Hayden echoes a similar voice, stating that although there is always a technology gap, the key part is educating trainers how to use the technology and teach with it, and make those students feel comfortable.

“It’s getting easier with the greater adoption of VR. In conjunction with some sort of practical training, is where VR will work best,” he says.

Academic research backs that idea. A recent study led by Associate Professor for Digital Pedagogies in Creative Industries, Education and Social Justice (CIESJ) and Academic Lead for Digital Research Infrastructure at Queensland University of Technology (QUT), Kate Thompson, compared traditional safety training with a VR-based alternative for the ‘Working Safely at Heights’ unit. The test was done as part of the greater project run by Kate titled ‘Virtual Reality Training in Construction: A comparative study of its effectiveness compared to traditional methods.’

The findings were clear: The VR group reported greater engagement, stronger concentration and higher retention of key safety concepts.

“The VR training environment that we designed for our study was to provide participants with many opportunities to have agency – to be able to make decisions about their learning, mainly through the interactive features,” she says.

“Many participants commented that they could proceed with the VR training at their own pace and from their perspective, with more control.
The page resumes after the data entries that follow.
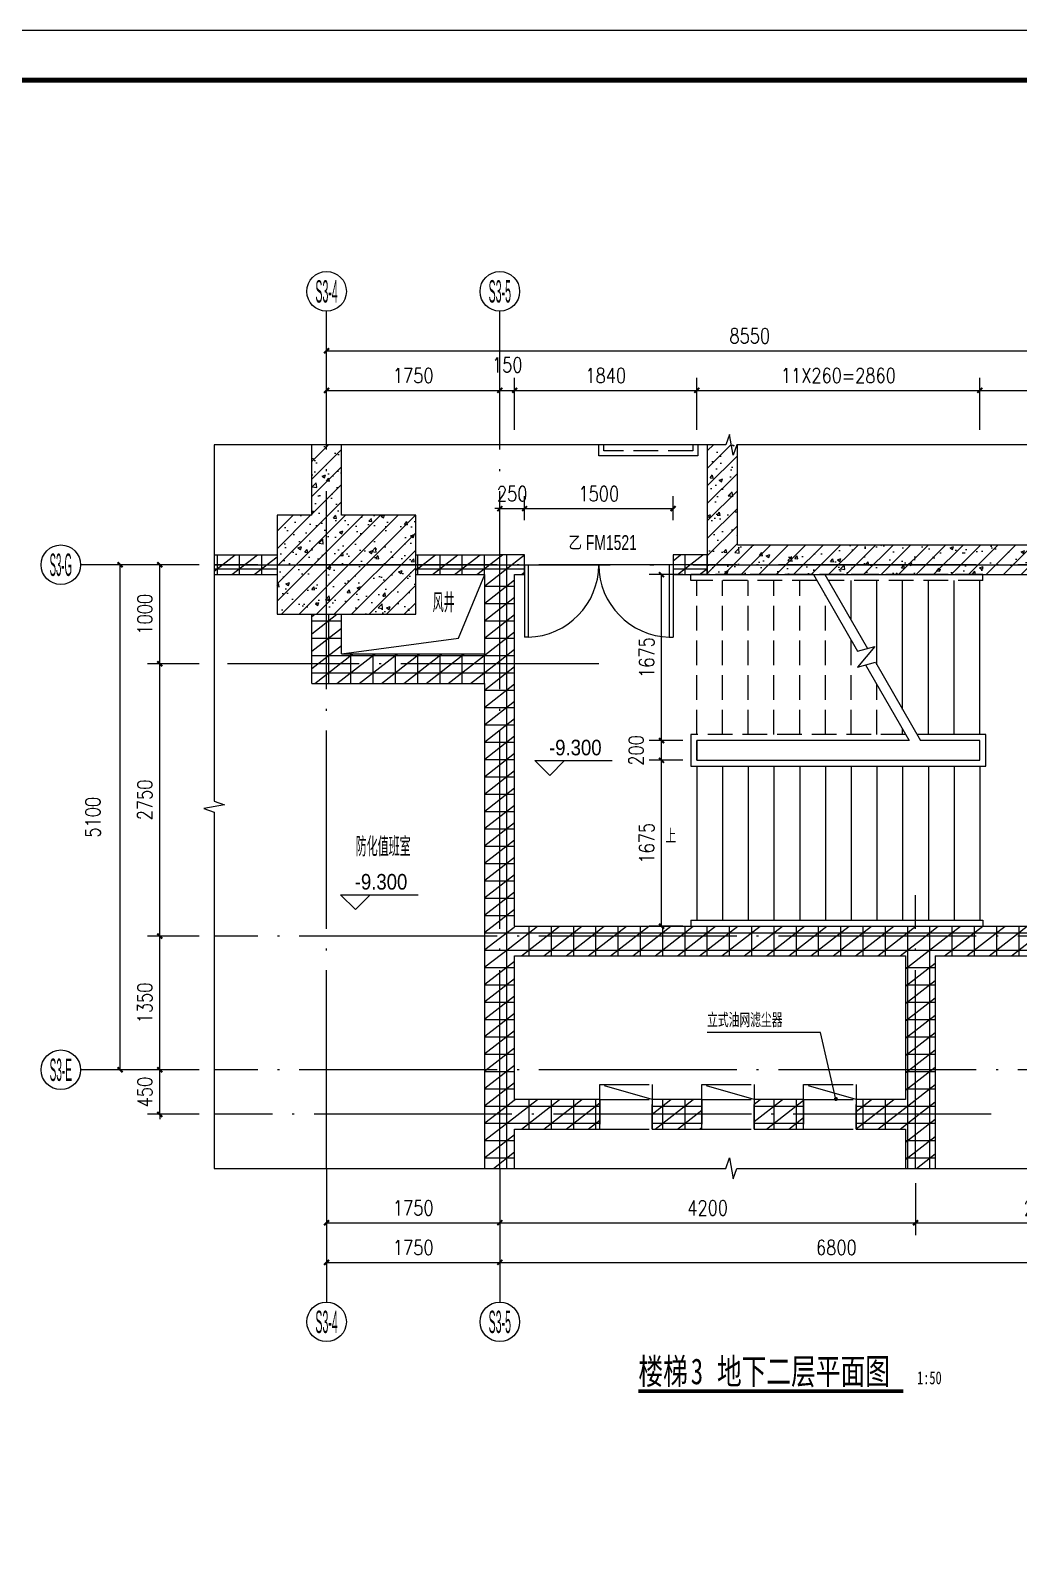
# Model space of a CAD drawing. Extents: x 718358 to 1668613, y -348838 to -159582.
# Drawn here: x 931613 to 941594, y -305044 to -289614 of the extents above; entities that cross this region are included whole.
import ezdxf
from ezdxf.enums import TextEntityAlignment as Align

# ---------------------------------------------------------------- set-up
doc = ezdxf.new("R2010")
doc.units = 0
doc.header["$LTSCALE"] = 1000
for name, pattern in [('DASH', [0.35, 0.25, -0.1]), ('DASHED', [0.75, 0.5, -0.25]), ('DOTE', [2.42, 2, -0.2, 0.02, -0.2])]:
    doc.linetypes.add(name, pattern=pattern)
for name, color, linetype in [('地下室排水', 44, 'Continuous'), ('地下室轴网', 147, 'DOTE'), ('建-图框', 4, 'Continuous'), ('建-墙体', 2, 'Continuous'), ('建-尺寸', 73, 'Continuous'), ('建-引出', 3, 'Continuous'), ('建-影线', 8, 'Continuous'), ('建-房间名', 7, 'Continuous'), ('建-柱子', 6, 'Continuous'), ('建-标高', 3, 'Continuous'), ('建-楼梯', 4, 'Continuous'), ('建-符号', 3, 'Continuous'), ('建-符号说明', 7, 'Continuous'), ('建-轴标', 3, 'Continuous'), ('建-轴网', 14, 'DOTE'), ('建-门窗', 4, 'Continuous'), ('建-门窗-编号', 7, 'Continuous')]:
    doc.layers.add(name, color=color, linetype=linetype)
doc.styles.add('_TCH_AXIS', font='gt宽度调整.shx', dxfattribs={"bigfont": 'gt国标汉字.shx'})
doc.styles.add('_TCH_DIM', font='gt单线西文.shx', dxfattribs={"width": 0.8, "bigfont": 'gt单线中文.shx'})
doc.styles.add('_TCH_WINDOW', font='gt单线西文.shx', dxfattribs={"height": 3.5, "bigfont": 'gt单线中文.shx'})
doc.styles.add('DIM_FONT', font='SIMPLEX.shx', dxfattribs={"width": 0.8, "bigfont": 'GBCBIG.shx'})
doc.styles.add('黑体字', font='simhei.ttf', dxfattribs={"width": 0.7})
doc.dimstyles.new('DIMN50', dxfattribs={"dimscale": 0.5, "dimtxt": 300, "dimasz": 100, "dimexe": 250, "dimexo": 300, "dimgap": 150, "dimtad": 1, "dimdec": 0, "dimzin": 0, "dimdsep": 46, "dimtxsty": 'DIM_FONT', "dimblk": 'ARCHTICK', "dimcen": 0.09, "dimdle": 1, "dimclrt": 7, "dimazin": 2, "dimtfac": 1, "dimtdec": 0, "dimtix": 1, "dimtmove": 2, "dimatfit": 3, "dimldrblk": 'ARCHTICK', "dimfxl": 1, "dimtolj": 1, "dimtzin": 0, "dimarcsym": 0})
pattern_1 = [(45, (0, 0), (-88.388348, 88.388348), []), (50, (0, 0), (358.63009, -31.37607), [37.5, -412.5]), (355, (0, 0), (-69.37567, 376.09607), [30, -330]), (100.4514, (29.9, -2.6), (289.25469, 344.71977), [31.8701, -350.57106]), (46.1842, (0, 100), (533.62052, -82.7595), [56.25, -618.75]), (96.6356, (44.47, 93.1), (467.33135, 487.05894), [47.80514, -525.8565]), (351.1842, (0, 100), (467.33097, 487.0593), [45, -495]), (21, (50, 75), (298.45353, -201.309445), [37.5, -412.5]), (326, (50, 75), (121.65767, 362.57502), [30, -330]), (71.4514, (74.87, 58.22), (420.11131, 161.26525), [31.8701, -350.57106]), (37.5, (0, 0), (6.079928, 166.446927), [0, -326, 0, -335, 0, -331.25]), (7.5, (0, 0), (131.53477, 197.205856), [0, -191, 0, -318.5, 0, -126.25]), (327.5, (-111.5, 0), (266.911218, -11.277436), [0, -125, 0, -390, 0, -517.5]), (317.5, (-161.5, 0), (291.593085, 50.05249), [0, -162.5, 0, -259, 0, -367.5])]
pattern_2 = [(0, (0, 0), (0, 175), []), (37.875, (200, 0), (-84.807639, 109.038328), []), (90, (200, 0), (-225, 1e-14), [])]

# ---------------------------------------------------------------- blocks, each defined once
blk = doc.blocks.new('_ArchTick')
at = {"color": 0, "linetype": 'ByBlock', "const_width": 0.4}
blk.add_lwpolyline([(-0.5, -0.5), (0.5, 0.5)], dxfattribs=at)
blk = doc.blocks.new('*D3614')
at = {"layer": 'Defpoints', "color": 0, "transparency": 16777216}
for p in [(934604, -301104), (936354, -301104), (936354, -302054)]:
    blk.add_point(p, dxfattribs=at)
at = {"layer": '建-尺寸', "color": 0, "lineweight": -2, "transparency": 16777216}
for p, q in [((934604, -301254), (934604, -302179)), ((936354, -301254), (936354, -302179)), ((934603, -302054), (936354, -302054))]:
    blk.add_line(p, q, dxfattribs=at)
at = {"layer": '建-尺寸', "color": 0, "lineweight": -2, "transparency": 16777216, "xscale": 50, "yscale": 50, "zscale": 50, "rotation": 180}
blk.add_blockref('_ArchTick', (934604, -302054), dxfattribs=at)
at = {"layer": '建-尺寸', "color": 0, "lineweight": -2, "transparency": 16777216, "xscale": 50, "yscale": 50, "zscale": 50}
blk.add_blockref('_ArchTick', (936354, -302054), dxfattribs=at)
at = {"layer": '建-尺寸', "color": 7, "transparency": 16777216, "insert": (935479, -301904), "char_height": 150, "attachment_point": 5, "style": 'DIM_FONT'}
blk.add_mtext('\\A1;1750', dxfattribs=at)
blk = doc.blocks.new('*D3615')
at = {"layer": 'Defpoints', "color": 0, "transparency": 16777216}
for p in [(936354, -301104), (943154, -301104), (943154, -302054)]:
    blk.add_point(p, dxfattribs=at)
at = {"layer": '建-尺寸', "color": 0, "lineweight": -2, "transparency": 16777216}
for p, q in [((936354, -301254), (936354, -302179)), ((943154, -301254), (943154, -302179)), ((936353, -302054), (943154, -302054))]:
    blk.add_line(p, q, dxfattribs=at)
at = {"layer": '建-尺寸', "color": 0, "lineweight": -2, "transparency": 16777216, "xscale": 50, "yscale": 50, "zscale": 50, "rotation": 180}
blk.add_blockref('_ArchTick', (936354, -302054), dxfattribs=at)
at = {"layer": '建-尺寸', "color": 0, "lineweight": -2, "transparency": 16777216, "xscale": 50, "yscale": 50, "zscale": 50}
blk.add_blockref('_ArchTick', (943154, -302054), dxfattribs=at)
at = {"layer": '建-尺寸', "color": 7, "transparency": 16777216, "insert": (939754, -301904), "char_height": 150, "attachment_point": 5, "style": 'DIM_FONT'}
blk.add_mtext('\\A1;6800', dxfattribs=at)
blk = doc.blocks.new('*D3616')
at = {"layer": 'Defpoints', "color": 0, "transparency": 16777216}
for p in [(934604, -301104), (936354, -301104), (936354, -301654)]:
    blk.add_point(p, dxfattribs=at)
at = {"layer": '建-尺寸', "color": 0, "lineweight": -2, "transparency": 16777216}
for p, q in [((934604, -301254), (934604, -301779)), ((936354, -301254), (936354, -301779)), ((934603, -301654), (936354, -301654))]:
    blk.add_line(p, q, dxfattribs=at)
at = {"layer": '建-尺寸', "color": 0, "lineweight": -2, "transparency": 16777216, "xscale": 50, "yscale": 50, "zscale": 50, "rotation": 180}
blk.add_blockref('_ArchTick', (934604, -301654), dxfattribs=at)
at = {"layer": '建-尺寸', "color": 0, "lineweight": -2, "transparency": 16777216, "xscale": 50, "yscale": 50, "zscale": 50}
blk.add_blockref('_ArchTick', (936354, -301654), dxfattribs=at)
at = {"layer": '建-尺寸', "color": 7, "transparency": 16777216, "insert": (935479, -301504), "char_height": 150, "attachment_point": 5, "style": 'DIM_FONT'}
blk.add_mtext('\\A1;1750', dxfattribs=at)
blk = doc.blocks.new('*D3617')
at = {"layer": 'Defpoints', "color": 0, "transparency": 16777216}
for p in [(936354, -301104), (940554, -301104), (940554, -301654)]:
    blk.add_point(p, dxfattribs=at)
at = {"layer": '建-尺寸', "color": 0, "lineweight": -2, "transparency": 16777216}
for p, q in [((936354, -301254), (936354, -301779)), ((940554, -301254), (940554, -301779)), ((936353, -301654), (940554, -301654))]:
    blk.add_line(p, q, dxfattribs=at)
at = {"layer": '建-尺寸', "color": 0, "lineweight": -2, "transparency": 16777216, "xscale": 50, "yscale": 50, "zscale": 50, "rotation": 180}
blk.add_blockref('_ArchTick', (936354, -301654), dxfattribs=at)
at = {"layer": '建-尺寸', "color": 0, "lineweight": -2, "transparency": 16777216, "xscale": 50, "yscale": 50, "zscale": 50}
blk.add_blockref('_ArchTick', (940554, -301654), dxfattribs=at)
at = {"layer": '建-尺寸', "color": 7, "transparency": 16777216, "insert": (938454, -301504), "char_height": 150, "attachment_point": 5, "style": 'DIM_FONT'}
blk.add_mtext('\\A1;4200', dxfattribs=at)
blk = doc.blocks.new('*D3618')
at = {"layer": 'Defpoints', "color": 0, "transparency": 16777216}
for p in [(940554, -301104), (943154, -301104), (943154, -301654)]:
    blk.add_point(p, dxfattribs=at)
at = {"layer": '建-尺寸', "color": 0, "lineweight": -2, "transparency": 16777216}
for p, q in [((940554, -301254), (940554, -301779)), ((943154, -301254), (943154, -301779)), ((940553, -301654), (943154, -301654))]:
    blk.add_line(p, q, dxfattribs=at)
at = {"layer": '建-尺寸', "color": 0, "lineweight": -2, "transparency": 16777216, "xscale": 50, "yscale": 50, "zscale": 50, "rotation": 180}
blk.add_blockref('_ArchTick', (940554, -301654), dxfattribs=at)
at = {"layer": '建-尺寸', "color": 0, "lineweight": -2, "transparency": 16777216, "xscale": 50, "yscale": 50, "zscale": 50}
blk.add_blockref('_ArchTick', (943154, -301654), dxfattribs=at)
at = {"layer": '建-尺寸', "color": 7, "transparency": 16777216, "insert": (941854, -301504), "char_height": 150, "attachment_point": 5, "style": 'DIM_FONT'}
blk.add_mtext('\\A1;2600', dxfattribs=at)
blk = doc.blocks.new('*D3619')
at = {"layer": 'Defpoints', "color": 0, "transparency": 16777216}
for p in [(932518, -295009), (933468, -295009), (933468, -300109)]:
    blk.add_point(p, dxfattribs=at)
at = {"layer": '建-尺寸', "color": 0, "lineweight": -2, "transparency": 16777216}
for p, q in [((933318, -295009), (932393, -295009)), ((932518, -300109), (932518, -295008)), ((933318, -300109), (932393, -300109))]:
    blk.add_line(p, q, dxfattribs=at)
at = {"layer": '建-尺寸', "color": 0, "lineweight": -2, "transparency": 16777216, "xscale": 50, "yscale": 50, "zscale": 50}
for p, rotation in [((932518, -295009), 90), ((932518, -300109), 270)]:
    blk.add_blockref('_ArchTick', p, dxfattribs=dict(at, rotation=rotation))
at = {"layer": '建-尺寸', "color": 7, "transparency": 16777216, "insert": (932243, -297559), "char_height": 150, "attachment_point": 5, "rotation": 90, "style": 'DIM_FONT'}
blk.add_mtext('\\A1;5100', dxfattribs=at)
blk = doc.blocks.new('*D3620')
at = {"layer": 'Defpoints', "color": 0, "transparency": 16777216}
for p in [(932918, -295009), (933468, -295009), (933468, -296009)]:
    blk.add_point(p, dxfattribs=at)
at = {"layer": '建-尺寸', "color": 0, "lineweight": -2, "transparency": 16777216}
for p, q in [((933318, -295009), (932793, -295009)), ((932918, -296009), (932918, -295008)), ((933318, -296009), (932793, -296009))]:
    blk.add_line(p, q, dxfattribs=at)
at = {"layer": '建-尺寸', "color": 0, "lineweight": -2, "transparency": 16777216, "xscale": 50, "yscale": 50, "zscale": 50}
for p, rotation in [((932918, -295009), 90), ((932918, -296009), 270)]:
    blk.add_blockref('_ArchTick', p, dxfattribs=dict(at, rotation=rotation))
at = {"layer": '建-尺寸', "color": 7, "transparency": 16777216, "insert": (932768, -295509), "char_height": 150, "attachment_point": 5, "rotation": 90, "style": 'DIM_FONT'}
blk.add_mtext('\\A1;1000', dxfattribs=at)
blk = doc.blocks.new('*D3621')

They could pause and have time to think before acting.”

Kate also states that, in addition, participants were able to repeat a task until they could demonstrate they could complete it correctly.

Although demonstrating its effectiveness in some situations, Kate stresses that it simply can’t replace specific aspects of hands-on training, like what Hayden and Stuart say.

“I think that the other thing that VR/AR is beneficial for is to provide opportunities for learners to experience situations that are rare but important for learning, so an example might be a safety breach of some kind or an emergency in which they must react. This provides them with an authentic learning experience,” she says.

Apprentices from BHI have shared their enthusiasm for the technology but make clear that it can’t simply replace traditional aspects of learning.

“I like that you can experiment with different techniques using AR to find one that works best for you. It shows you exactly what to do in a procedure so you can mirror skills in real-life practicals,” 19-year-old Rowville apprentice, Jarrod Benney, says.

BHI apprentice Caleb Shilling, 24, echoes this thought: “It’s a good visual aid, but it won’t replace teachers. I like being able to ask questions, but VR helps reinforce the procedures we learn in class,” he says.

While there is a place where VR training tools and the traditional hands-on approach can work seamlessly together, industry leaders are already eyeing the next wave: generative AI, adaptive feedback, haptic interfaces and wearable augmented reality.

“We’re really excited about the integration of AI and VR technology,” Hayden says.

“Imagine a ChatGPT-like agent inside your VR headset – a virtual trainer that knows everything about the topic, and you can talk to it in your voice. That’s where we’re headed.”

At Viewport XR, Bjorn envisions job sites where smart glasses overlay blueprints directly into the worker’s field of vision, or daily toolbox meetings guided by interactive 3D models. AR won’t just be for training, it’ll become part of everyday operations.

Hayden reiterates that there will always be a technology gap (repeated above), and the challenge ahead is not a technical one.

“We call it crossing the chasm, helping organisations and educators become confident using these tools. But the adoption curve is speeding up.”

Simply put, VR and AR are reshaping how the construction industry at large trains its workforce. While not replacing physical experience, nor eliminating the role of tradespeople, teachers or mentors, it provides a flexible, scalable and safe way to prepare trainees for the real thing – and help experienced workers sharpen their skills without downtime or danger.

“Like any other technology, AR/VR is just a tool,” Stuart says.

“But it can build confidence, reduce waste and prepare students for the real world.”

And for those like Jenny, 35 feet up on a simulated steel beam, that difference might be what helps her balance when it matters most.